[Opening Data to examine section]

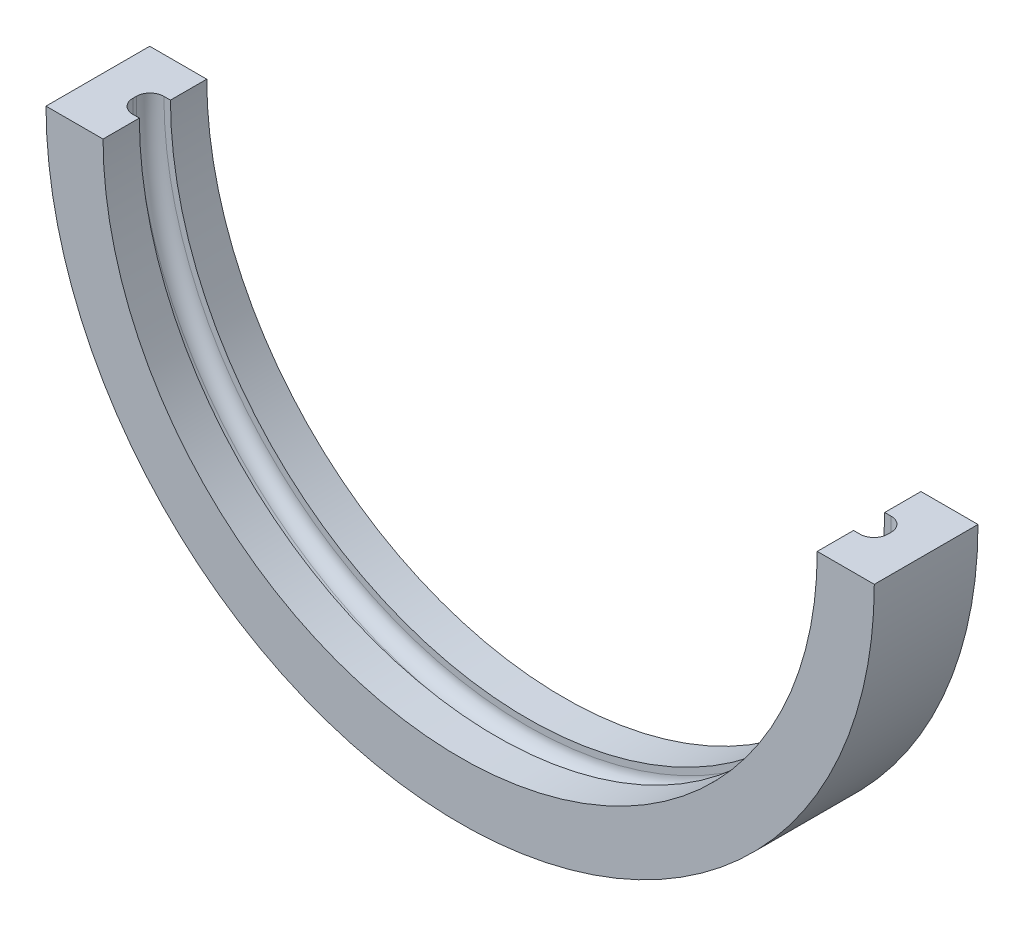
SolidWorks part; units mm, degrees
ref_plane "Front Plane" through (0, 0, 0) normal (0, 0, 1) x (1, 0, 0)
ref_plane "Top Plane" through (0, 0, 0) normal (0, 1, 0) x (1, 0, 0)
ref_plane "Right Plane" through (0, 0, 0) normal (1, 0, 0) x (0, 0, -1)
sketch "Sketch1" plane through (0, 0, 0) normal (0, 0, 1) x (1, 0, 0)
  line L0 (-69.342, 76.073) -> (-76.073, 76.073)
  line L1 (69.342, 76.073) -> (76.073, 76.073)
  circle A0 centre (0, 76.073) radius 76.073
  circle A1 centre (0, 76.073) radius 69.342
  dimension "D1" = 152.146
  dimension "D2" = 138.684
extrude "Boss-Extrude1" add sketch "Sketch1" along normal blind 5.715 contours A1 L0 A0 L1 region at (0, 5.03, 0)
sketch "Sketch3" plane through (0, 0, 5.715) normal (0, 0, 1) x (1, 0, 0)
  line L0 (-65.5955, 76.073) -> (-76.073, 76.073)
  line L1 (65.5955, 76.073) -> (76.073, 76.073)
  circle A0 centre (0, 76.073) radius 76.073
  circle A1 centre (0, 76.073) radius 65.5955
  arc M3 (69.342, 76.073) -> (-69.342, 76.073) centre (0, 76.073) cw
  line M4 (-69.342, 76.073) -> (-76.073, 76.073)
  arc M5 (-76.073, 76.073) -> (76.073, 76.073) centre (0, 76.073) ccw
  line M6 (76.073, 76.073) -> (69.342, 76.073)
  dimension "D1" = 131.191
extrude "Boss-Extrude2" add sketch "Sketch3" along normal blind 6.6675 contours A1 L0 L1 M3 | M6 M3 M4 M5 region at (0, 8.927, 5.715) region at (0, 5.03, 5.715)
sketch "Sketch4" plane through (0, 0, 0) normal (0, 0, -1) x (-1, 0, 0)
  line L0 (-65.5955, 76.073) -> (-76.073, 76.073)
  line L1 (65.5955, 76.073) -> (76.073, 76.073)
  circle A0 centre (0, 76.073) radius 76.073
  circle A1 centre (0, 76.073) radius 65.5955
  arc M3 (69.342, 76.073) -> (-69.342, 76.073) centre (0, 76.073) cw
  line M4 (-69.342, 76.073) -> (-76.073, 76.073)
  arc M5 (-76.073, 76.073) -> (76.073, 76.073) centre (0, 76.073) ccw
  line M6 (76.073, 76.073) -> (69.342, 76.073)
extrude "Boss-Extrude3" add sketch "Sketch4" along normal blind 6.6675 contours A1 L0 L1 M3 | M6 M3 M4 M5 region at (0, 8.927, 0) region at (0, 5.03, 0)
fillet "Fillet1" radius 2.54 2 edges at (0, 6.731, 5.715) (0, 6.731, 0)
sketch "Sketch5" plane through (0, 0, 0) normal (0, 1, 0) x (1, 0, 0)
  line L0 (64.2819, -2.8575) -> (-64.2819, -2.8575) construction
  circle A0 centre (0, -2.8575) radius 1.524
  dimension "D1" = 3.048
extrude "Cut-Extrude1" cut sketch "Sketch5" along normal blind 6.35
sketch "Sketch6" plane through (0, 0, 12.3825) normal (0, 0, 1) x (1, 0, 0)
  line L1 (69.7959, 76.073) -> (75.8284, 76.073)
  line L2 (69.7959, 76.073) -> (69.7959, 69.977)
  line L3 (69.7959, 69.977) -> (75.8284, 69.977)
  line L4 (75.8284, 76.073) -> (75.8284, 69.977)
  line L5 (0, 0) -> (0, 90.126) construction
  line L6 (-75.8284, 69.977) -> (-82.0776, 69.977)
  line L7 (75.8284, 76.073) -> (82.0776, 76.073)
  line L8 (75.8284, 76.073) -> (75.8284, 69.977)
  line L9 (75.8284, 69.977) -> (82.0776, 69.977)
  line L10 (82.0776, 76.073) -> (82.0776, 69.977)
  line L11 (-82.0776, 76.073) -> (-82.0776, 69.977)
  line L12 (-75.8284, 76.073) -> (-82.0776, 76.073)
  line L13 (-75.8284, 76.073) -> (-75.8284, 69.977)
  line L14 (-69.7959, 69.977) -> (-75.8284, 69.977)
  line L15 (-75.8284, 76.073) -> (-75.8284, 69.977)
  line L16 (-69.7959, 76.073) -> (-75.8284, 76.073)
  line L17 (-69.7959, 76.073) -> (-69.7959, 69.977)
  arc A1 (-76.073, 76.073) -> (76.073, 76.073) centre (0, 76.073) ccw construction
  line M11 (-65.5955, 76.073) -> (-76.073, 76.073)
  arc M12 (-76.073, 76.073) -> (76.073, 76.073) centre (0, 76.073) ccw
  line M13 (76.073, 76.073) -> (65.5955, 76.073)
  dimension "D1" = 6.096
  dimension "D2" = 6.0325
extrude "Cut-Extrude2" [suppressed] cut sketch "Sketch6" against normal through all contours L12 L11 L6 M12 | L17 L13 L14 M11 | L10 L7 L9 M12 | L4 L2 L3 M13
sketch "Sketch7" [suppressed] plane through (0, 0, 12.3825) normal (0, 0, 1) x (1, 0, 0)
  line L0 (-69.7959, 69.977) -> (-75.8284, 69.977) construction
  line L1 (-72.8121, 69.977) -> (-85.9884, 69.977)
  line L2 (-72.8121, 69.977) -> (-72.8121, 79.2871)
  line L3 (-72.8121, 79.2871) -> (-85.9884, 79.2871)
  line L4 (-85.9884, 69.977) -> (-85.9884, 79.2871)
  line L5 (0, 20.0433) -> (0, 96.673) construction
  line L6 (72.8121, 79.2871) -> (85.9884, 79.2871)
  line L7 (85.9884, 69.977) -> (85.9884, 79.2871)
  line L8 (72.8121, 69.977) -> (85.9884, 69.977)
  line L9 (72.8121, 69.977) -> (72.8121, 79.2871)
extrude "Cut-Extrude3" [suppressed] cut sketch "Sketch7" against normal through all contours L2 L1 L4 L3 | L6 L7 L8 L9

[Closing Data to examine section]

### What to work on
Return every record exactly. Pictures stay out.

### Solution to the exercise
SolidWorks part; units mm, degrees
ref_plane "Front Plane" through (0, 0, 0) normal (0, 0, 1) x (1, 0, 0)
ref_plane "Top Plane" through (0, 0, 0) normal (0, 1, 0) x (1, 0, 0)
ref_plane "Right Plane" through (0, 0, 0) normal (1, 0, 0) x (0, 0, -1)
sketch "Sketch1" plane through (0, 0, 0) normal (0, 0, 1) x (1, 0, 0)
  line L0 (-69.342, 76.073) -> (-76.073, 76.073)
  line L1 (69.342, 76.073) -> (76.073, 76.073)
  circle A0 centre (0, 76.073) radius 76.073
  circle A1 centre (0, 76.073) radius 69.342
  dimension "D1" = 152.146
  dimension "D2" = 138.684
extrude "Boss-Extrude1" add sketch "Sketch1" along normal blind 5.715 contours A1 L0 A0 L1 region at (0, 5.03, 0)
sketch "Sketch3" plane through (0, 0, 5.715) normal (0, 0, 1) x (1, 0, 0)
  line L0 (-65.5955, 76.073) -> (-76.073, 76.073)
  line L1 (65.5955, 76.073) -> (76.073, 76.073)
  circle A0 centre (0, 76.073) radius 76.073
  circle A1 centre (0, 76.073) radius 65.5955
  arc M3 (69.342, 76.073) -> (-69.342, 76.073) centre (0, 76.073) cw
  line M4 (-69.342, 76.073) -> (-76.073, 76.073)
  arc M5 (-76.073, 76.073) -> (76.073, 76.073) centre (0, 76.073) ccw
  line M6 (76.073, 76.073) -> (69.342, 76.073)
  dimension "D1" = 131.191
extrude "Boss-Extrude2" add sketch "Sketch3" along normal blind 6.6675 contours A1 L0 L1 M3 | M6 M3 M4 M5 region at (0, 8.927, 5.715) region at (0, 5.03, 5.715)
sketch "Sketch4" plane through (0, 0, 0) normal (0, 0, -1) x (-1, 0, 0)
  line L0 (-65.5955, 76.073) -> (-76.073, 76.073)
  line L1 (65.5955, 76.073) -> (76.073, 76.073)
  circle A0 centre (0, 76.073) radius 76.073
  circle A1 centre (0, 76.073) radius 65.5955
  arc M3 (69.342, 76.073) -> (-69.342, 76.073) centre (0, 76.073) cw
  line M4 (-69.342, 76.073) -> (-76.073, 76.073)
  arc M5 (-76.073, 76.073) -> (76.073, 76.073) centre (0, 76.073) ccw
  line M6 (76.073, 76.073) -> (69.342, 76.073)
extrude "Boss-Extrude3" add sketch "Sketch4" along normal blind 6.6675 contours A1 L0 L1 M3 | M6 M3 M4 M5 region at (0, 8.927, 0) region at (0, 5.03, 0)
fillet "Fillet1" radius 2.54 2 edges at (0, 6.731, 5.715) (0, 6.731, 0)
sketch "Sketch5" plane through (0, 0, 0) normal (0, 1, 0) x (1, 0, 0)
  line L0 (64.2819, -2.8575) -> (-64.2819, -2.8575) construction
  circle A0 centre (0, -2.8575) radius 1.524
  dimension "D1" = 3.048
extrude "Cut-Extrude1" cut sketch "Sketch5" along normal blind 6.35
sketch "Sketch6" plane through (0, 0, 12.3825) normal (0, 0, 1) x (1, 0, 0)
  line L1 (69.7959, 76.073) -> (75.8284, 76.073)
  line L2 (69.7959, 76.073) -> (69.7959, 69.977)
  line L3 (69.7959, 69.977) -> (75.8284, 69.977)
  line L4 (75.8284, 76.073) -> (75.8284, 69.977)
  line L5 (0, 0) -> (0, 90.126) construction
  line L6 (-75.8284, 69.977) -> (-82.0776, 69.977)
  line L7 (75.8284, 76.073) -> (82.0776, 76.073)
  line L8 (75.8284, 76.073) -> (75.8284, 69.977)
  line L9 (75.8284, 69.977) -> (82.0776, 69.977)
  line L10 (82.0776, 76.073) -> (82.0776, 69.977)
  line L11 (-82.0776, 76.073) -> (-82.0776, 69.977)
  line L12 (-75.8284, 76.073) -> (-82.0776, 76.073)
  line L13 (-75.8284, 76.073) -> (-75.8284, 69.977)
  line L14 (-69.7959, 69.977) -> (-75.8284, 69.977)
  line L15 (-75.8284, 76.073) -> (-75.8284, 69.977)
  line L16 (-69.7959, 76.073) -> (-75.8284, 76.073)
  line L17 (-69.7959, 76.073) -> (-69.7959, 69.977)
  arc A1 (-76.073, 76.073) -> (76.073, 76.073) centre (0, 76.073) ccw construction
  line M11 (-65.5955, 76.073) -> (-76.073, 76.073)
  arc M12 (-76.073, 76.073) -> (76.073, 76.073) centre (0, 76.073) ccw
  line M13 (76.073, 76.073) -> (65.5955, 76.073)
  dimension "D1" = 6.096
  dimension "D2" = 6.0325
extrude "Cut-Extrude2" [suppressed] cut sketch "Sketch6" against normal through all contours L12 L11 L6 M12 | L17 L13 L14 M11 | L10 L7 L9 M12 | L4 L2 L3 M13
sketch "Sketch7" [suppressed] plane through (0, 0, 12.3825) normal (0, 0, 1) x (1, 0, 0)
  line L0 (-69.7959, 69.977) -> (-75.8284, 69.977) construction
  line L1 (-72.8121, 69.977) -> (-85.9884, 69.977)
  line L2 (-72.8121, 69.977) -> (-72.8121, 79.2871)
  line L3 (-72.8121, 79.2871) -> (-85.9884, 79.2871)
  line L4 (-85.9884, 69.977) -> (-85.9884, 79.2871)
  line L5 (0, 20.0433) -> (0, 96.673) construction
  line L6 (72.8121, 79.2871) -> (85.9884, 79.2871)
  line L7 (85.9884, 69.977) -> (85.9884, 79.2871)
  line L8 (72.8121, 69.977) -> (85.9884, 69.977)
  line L9 (72.8121, 69.977) -> (72.8121, 79.2871)
extrude "Cut-Extrude3" [suppressed] cut sketch "Sketch7" against normal through all contours L2 L1 L4 L3 | L6 L7 L8 L9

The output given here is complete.